> _EXERCISE DIRECTIONS_
Scan the records below. Copy every line in which the word "OneDrive" appears.

◆ ◆ ◆ ◆

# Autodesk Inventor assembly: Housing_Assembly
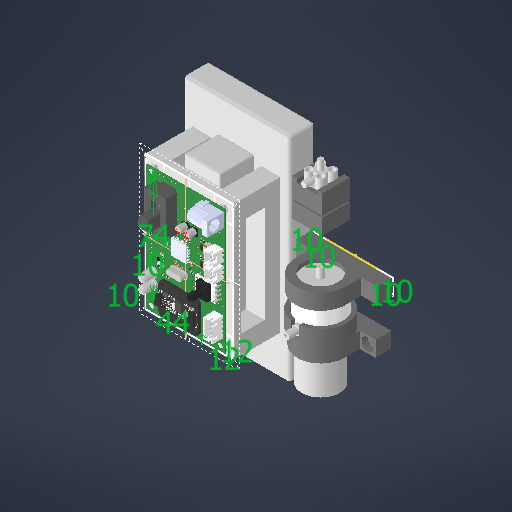
[picture p0: Inventor's stored thumbnail of the model, 512x512]
Saved by Autodesk Inventor 2026.2 (Build 302298000, 298)
## iProperties
Created: 2026-02-03
Part Number: Housing_Assembly
Document SubType Name: Assembly
Designer: vckot
Author: vckot
## iProperties of the stored document MemberDocs/x0iaocwioEc3obyvkEhahbepxYh
Created: 2026-02-03
Part Number: Housing_Assembly
Document SubType Name: Assembly
Designer: vckot
Author: vckot
## Documents named in this file (8)
- C:\Users\vckot\OneDrive\Documents\Vaibhav\capstone\CAD_files\Housing_Assembly.iam
- C:\Users\vckot\OneDrive\Documents\Vaibhav\capstone\CAD_files\PCB\TourniquetPCBV1_Updated\TourniquetPCBV1_Updated\TourniquetPCBV1_Updated.iam
- C:\Users\vckot\OneDrive\Documents\Vaibhav\capstone\CAD_files\Batteries\Battery_Small.ipt
- C:\Users\vckot\OneDrive\Documents\Vaibhav\capstone\CAD_files\PCB\PCB_Housing_01.ipt
- C:\Users\vckot\OneDrive\Documents\Vaibhav\capstone\CAD_files\Motor\Motor_Assembly.iam
- C:\Users\vckot\OneDrive\Documents\Vaibhav\capstone\CAD_files\Motor_Valve\Motor_Valve_Assembly.iam
- C:\Users\vckot\OneDrive\Documents\Vaibhav\capstone\CAD_files\Batteries\Battery_Large.ipt
- C:\Users\vckot\OneDrive\Documents\Vaibhav\capstone\CAD_files\PCB_Housing_02.ipt
## Components (7 placed, 7 different names)
1. TourniquetPCBV1_Updated:1 [sub-assembly] — Mate:1, Mate:2, Flush:1, Mate:3, Mate:4, Mate:6, Flush:6, Mate:8
2. Battery_Small:1 — Mate:1, Mate:2, Flush:1, Flush:2, Mate:5
3. PCB_Housing_01:1 — Mate:3, Mate:4, Flush:2, Flush:3
4. Motor_Assembly:1 [sub-assembly] — Flush:3, Mate:7
5. Motor_Valve_Assembly:1 [sub-assembly] — Mate:7
6. Battery_Large:1 — Mate:5, Mate:6, Flush:6, Flush:7
7. PCB_Housing_02:1 — Mate:8, Flush:7
## Relationships (13: Mate 8, Flush 5)
- Mate:1 (10 mm): TourniquetPCBV1_Updated:1 ↔ Battery_Small:1
- Mate:2: TourniquetPCBV1_Updated:1 ↔ Battery_Small:1
- Flush:1: TourniquetPCBV1_Updated:1 ↔ Battery_Small:1
- Mate:3: TourniquetPCBV1_Updated:1 ↔ PCB_Housing_01:1
- Mate:4: TourniquetPCBV1_Updated:1 ↔ PCB_Housing_01:1
- Flush:2: Battery_Small:1 ↔ PCB_Housing_01:1
- Flush:3: PCB_Housing_01:1 ↔ Motor_Assembly:1
- Mate:5: Battery_Small:1 ↔ Battery_Large:1
- Mate:6: TourniquetPCBV1_Updated:1 ↔ Battery_Large:1
- Flush:6: TourniquetPCBV1_Updated:1 ↔ Battery_Large:1
- Mate:7: Motor_Assembly:1 ↔ Motor_Valve_Assembly:1
- Mate:8 (20 mm): TourniquetPCBV1_Updated:1 ↔ PCB_Housing_02:1
- Flush:7 (-2 mm): Battery_Large:1 ↔ PCB_Housing_02:1
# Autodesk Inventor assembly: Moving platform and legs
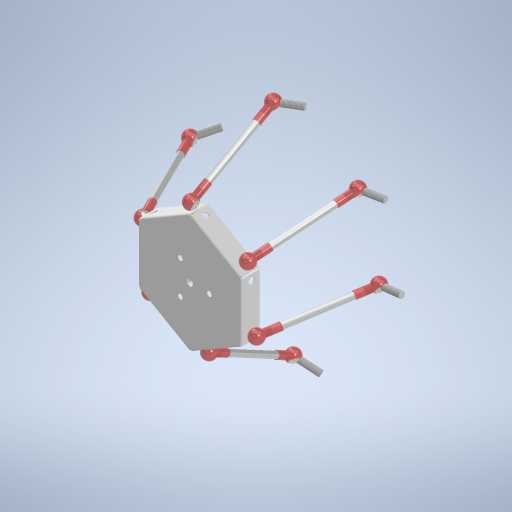
[picture p0: Inventor's stored thumbnail of the model, 512x512]
Saved by Autodesk Inventor 2023 (Build 270158000, 158)
## iProperties
Created: 2022-06-29
Part Number: Moving platform and legs
Document SubType Name: Assembly
Designer: earls
Author: earls
## Documents named in this file (4)
- F:\Documents\Mechatronic Engineering 5.1\Project\CAD\Moving platform and legs.iam
- F:\Documents\Mechatronic Engineering 5.1\Project\CAD\Spherical joint\Assembly1.iam
- F:\Documents\Mechatronic Engineering 5.1\Project\CAD\Moving platform.ipt
- F:\Documents\Mechatronic Engineering 5.1\Project\CAD\Rod qty-6.ipt
## Components (19 placed, 3 different names)
1. Moving platform:1 — Insert:1, Insert:2, Insert:3, Insert:4, Insert:5, Insert:6
2. Assembly1:1 [sub-assembly] — Insert:2, Mate:9, Mate:10
3. Assembly1:2 [sub-assembly] — Insert:6, Mate:5, Mate:6
4. Assembly1:3 [sub-assembly] — Insert:4, Mate:1, Mate:2
5. Assembly1:4 [sub-assembly] — Insert:5, Mate:3, Mate:4
6. Assembly1:5 [sub-assembly] — Insert:3, Mate:11, Mate:12
7. Assembly1:6 [sub-assembly] — Insert:1, Mate:7, Mate:8
8. Rod qty-6:1 — Mate:11, Mate:12, Rotational:3
9. Rod qty-6:2 — Mate:9, Mate:10, Rotational:6
10. Rod qty-6:3 — Mate:7, Mate:8, Rotational:7
11. Rod qty-6:4 — Mate:5, Mate:6, Rotational:2
12. Rod qty-6:5 — Mate:3, Mate:4, Rotational:4
13. Rod qty-6:6 — Mate:1, Mate:2, Rotational:5
14. Assembly1:8 [sub-assembly] — Rotational:3
15. Assembly1:9 [sub-assembly] — Rotational:2
16. Assembly1:11 [sub-assembly] — Rotational:4
17. Assembly1:12 [sub-assembly] — Rotational:7
18. Assembly1:13 [sub-assembly] — Rotational:5
19. Assembly1:14 [sub-assembly] — Rotational:6
## Relationships (24: Mate 12, Insert 6, RevoluteJoint 6)
- Insert:1: Moving platform:1 ↔ Assembly1:6
- Insert:2: Moving platform:1 ↔ Assembly1:1
- Insert:3: Moving platform:1 ↔ Assembly1:5
- Insert:4: Moving platform:1 ↔ Assembly1:3
- Insert:5: Moving platform:1 ↔ Assembly1:4
- Insert:6: Moving platform:1 ↔ Assembly1:2
- Mate:1: Assembly1:3 ↔ Rod qty-6:6
- Mate:2: Assembly1:3 ↔ Rod qty-6:6
- Mate:3: Assembly1:4 ↔ Rod qty-6:5
- Mate:4: Assembly1:4 ↔ Rod qty-6:5
- Mate:5: Assembly1:2 ↔ Rod qty-6:4
- Mate:6: Assembly1:2 ↔ Rod qty-6:4
- Mate:7: Assembly1:6 ↔ Rod qty-6:3
- Mate:8: Assembly1:6 ↔ Rod qty-6:3
- Mate:9: Assembly1:1 ↔ Rod qty-6:2
- Mate:10: Assembly1:1 ↔ Rod qty-6:2
- Mate:11: Assembly1:5 ↔ Rod qty-6:1
- Mate:12: Assembly1:5 ↔ Rod qty-6:1
- Rotational:2 [RevoluteJoint]: Rod qty-6:4 ↔ Assembly1:9
- Rotational:3 [RevoluteJoint]: Rod qty-6:1 ↔ Assembly1:8
- Rotational:4 [RevoluteJoint]: Rod qty-6:5 ↔ Assembly1:11
- Rotational:5 [RevoluteJoint]: Rod qty-6:6 ↔ Assembly1:13
- Rotational:6 [RevoluteJoint]: Rod qty-6:2 ↔ Assembly1:14
- Rotational:7 [RevoluteJoint]: Rod qty-6:3 ↔ Assembly1:12
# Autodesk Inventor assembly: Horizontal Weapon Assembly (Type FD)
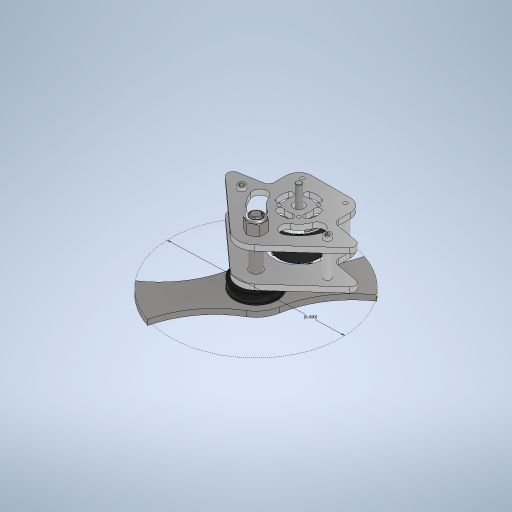
[picture p0: Inventor's stored thumbnail of the model, 512x512]
Saved by Autodesk Inventor 2023.2 (Build 272271000, 271)
## iProperties
Created: 2022-11-17
Part Number: Horizontal Weapon Assembly (Type FD)
Document SubType Name: Assembly
Designer: Nathan Cai
Mass: 397.62 g
Surface Area: 730.146 cm^2
Volume: 92.9751 cm^3
Density: 4.27663 g/cm^3
Author: Nathan Cai
## Documents named in this file (9)
- E:\Documents\Inventor\0.3rd Lawette - V3.5\Horizontal Weapon Assembly (Type FD)\Horizontal Weapon Assembly (Type FD).iam
- E:\Documents\Inventor\0.3rd Lawette - V3.5\Horizontal Weapon Assembly (Type FD)\Upright.ipt
- E:\Documents\Inventor\0.3rd Lawette - V3.5\Horizontal Weapon Assembly (Type FD)\Upright (Lower).ipt
- E:\Documents\Inventor\0.3rd Lawette - V3.5\Standoff 1in.ipt
- E:\Documents\Inventor\0.3rd Lawette - V3.5\Standoff 1.5in.ipt
- E:\Documents\Inventor\0.3rd Lawette - V3.5\Horizontal Weapon Assembly (Type FD)\90807A139_Same-Size Thread Alloy Steel Shoulder Screw.ipt
- E:\Documents\Inventor\0.3rd Lawette - V3.5\Horizontal Weapon Assembly (Type FD)\90630A121_High-Strength Steel Nylon-Insert Locknut.ipt
- E:\Documents\Inventor\0.3rd Lawette - V3.5\Horizontal Weapon Assembly (Type FD)\Weapon Stack.iam
- E:\Documents\Inventor\0.3rd Lawette - V3.5\Horizontal Weapon Assembly (Type FD)\Propdrive 3536\Propdrive V2 3536.iam
## Components (10 placed, 8 different names)
1. Upright:1 — Mate:4, Mate:5, Mate:6, Mate:7, Mate:8, Mate:9, Mate:10, Mate:11, Mate:12, Mate:13, Mate:14, Mate:16, Mate:19, Mate:20, Mate:21
2. Upright (Lower):1 — Mate:4, Mate:5, Mate:6, Flush:1, Flush:2
3. Standoff 1in:1 — Mate:7, Mate:10
4. Standoff 1in:2 — Mate:8, Mate:9
5. Standoff 1.5in:1 — Mate:11, Flush:1
6. Standoff 1.5in:2 — Mate:12, Flush:2
7. 90807A139_Same-Size Thread Alloy Steel Shoulder Screw:1 — Mate:13, Mate:14, Mate:15, Mate:17, Mate:18
8. 90630A121_High-Strength Steel Nylon-Insert Locknut:1 — Mate:15, Mate:16
9. Weapon Stack:1 [sub-assembly] — Mate:17, Mate:18
10. Propdrive V2 3536:1 [sub-assembly] — Mate:19, Mate:20, Mate:21
## Relationships (20: Mate 18, Flush 2)
- Mate:4: Upright:1 ↔ Upright (Lower):1
- Mate:5 (25.4 mm): Upright:1 ↔ Upright (Lower):1
- Mate:6: Upright:1 ↔ Upright (Lower):1
- Mate:7: Upright:1 ↔ Standoff 1in:1
- Mate:8: Upright:1 ↔ Standoff 1in:2
- Mate:9: Upright:1 ↔ Standoff 1in:2
- Mate:10: Upright:1 ↔ Standoff 1in:1
- Mate:11: Upright:1 ↔ Standoff 1.5in:1
- Mate:12: Upright:1 ↔ Standoff 1.5in:2
- Flush:1: Upright (Lower):1 ↔ Standoff 1.5in:1
- Flush:2: Upright (Lower):1 ↔ Standoff 1.5in:2
- Mate:13: Upright:1 ↔ 90807A139_Same-Size Thread Alloy Steel Shoulder Screw:1
- Mate:14: Upright:1 ↔ 90807A139_Same-Size Thread Alloy Steel Shoulder Screw:1
- Mate:15: 90807A139_Same-Size Thread Alloy Steel Shoulder Screw:1 ↔ 90630A121_High-Strength Steel Nylon-Insert Locknut:1
- Mate:16: Upright:1 ↔ 90630A121_High-Strength Steel Nylon-Insert Locknut:1
- Mate:17: 90807A139_Same-Size Thread Alloy Steel Shoulder Screw:1 ↔ Weapon Stack:1
- Mate:18: 90807A139_Same-Size Thread Alloy Steel Shoulder Screw:1 ↔ Weapon Stack:1
- Mate:19: Upright:1 ↔ Propdrive V2 3536:1
- Mate:20: Upright:1 ↔ Propdrive V2 3536:1
- Mate:21: Upright:1 ↔ Propdrive V2 3536:1

◆ ◆ ◆ ◆

> _COMPLETED TASK_
- C:\Users\vckot\OneDrive\Documents\Vaibhav\capstone\CAD_files\Housing_Assembly.iam
- C:\Users\vckot\OneDrive\Documents\Vaibhav\capstone\CAD_files\PCB\TourniquetPCBV1_Updated\TourniquetPCBV1_Updated\TourniquetPCBV1_Updated.iam
- C:\Users\vckot\OneDrive\Documents\Vaibhav\capstone\CAD_files\Batteries\Battery_Small.ipt
- C:\Users\vckot\OneDrive\Documents\Vaibhav\capstone\CAD_files\PCB\PCB_Housing_01.ipt
- C:\Users\vckot\OneDrive\Documents\Vaibhav\capstone\CAD_files\Motor\Motor_Assembly.iam
- C:\Users\vckot\OneDrive\Documents\Vaibhav\capstone\CAD_files\Motor_Valve\Motor_Valve_Assembly.iam
- C:\Users\vckot\OneDrive\Documents\Vaibhav\capstone\CAD_files\Batteries\Battery_Large.ipt
- C:\Users\vckot\OneDrive\Documents\Vaibhav\capstone\CAD_files\PCB_Housing_02.ipt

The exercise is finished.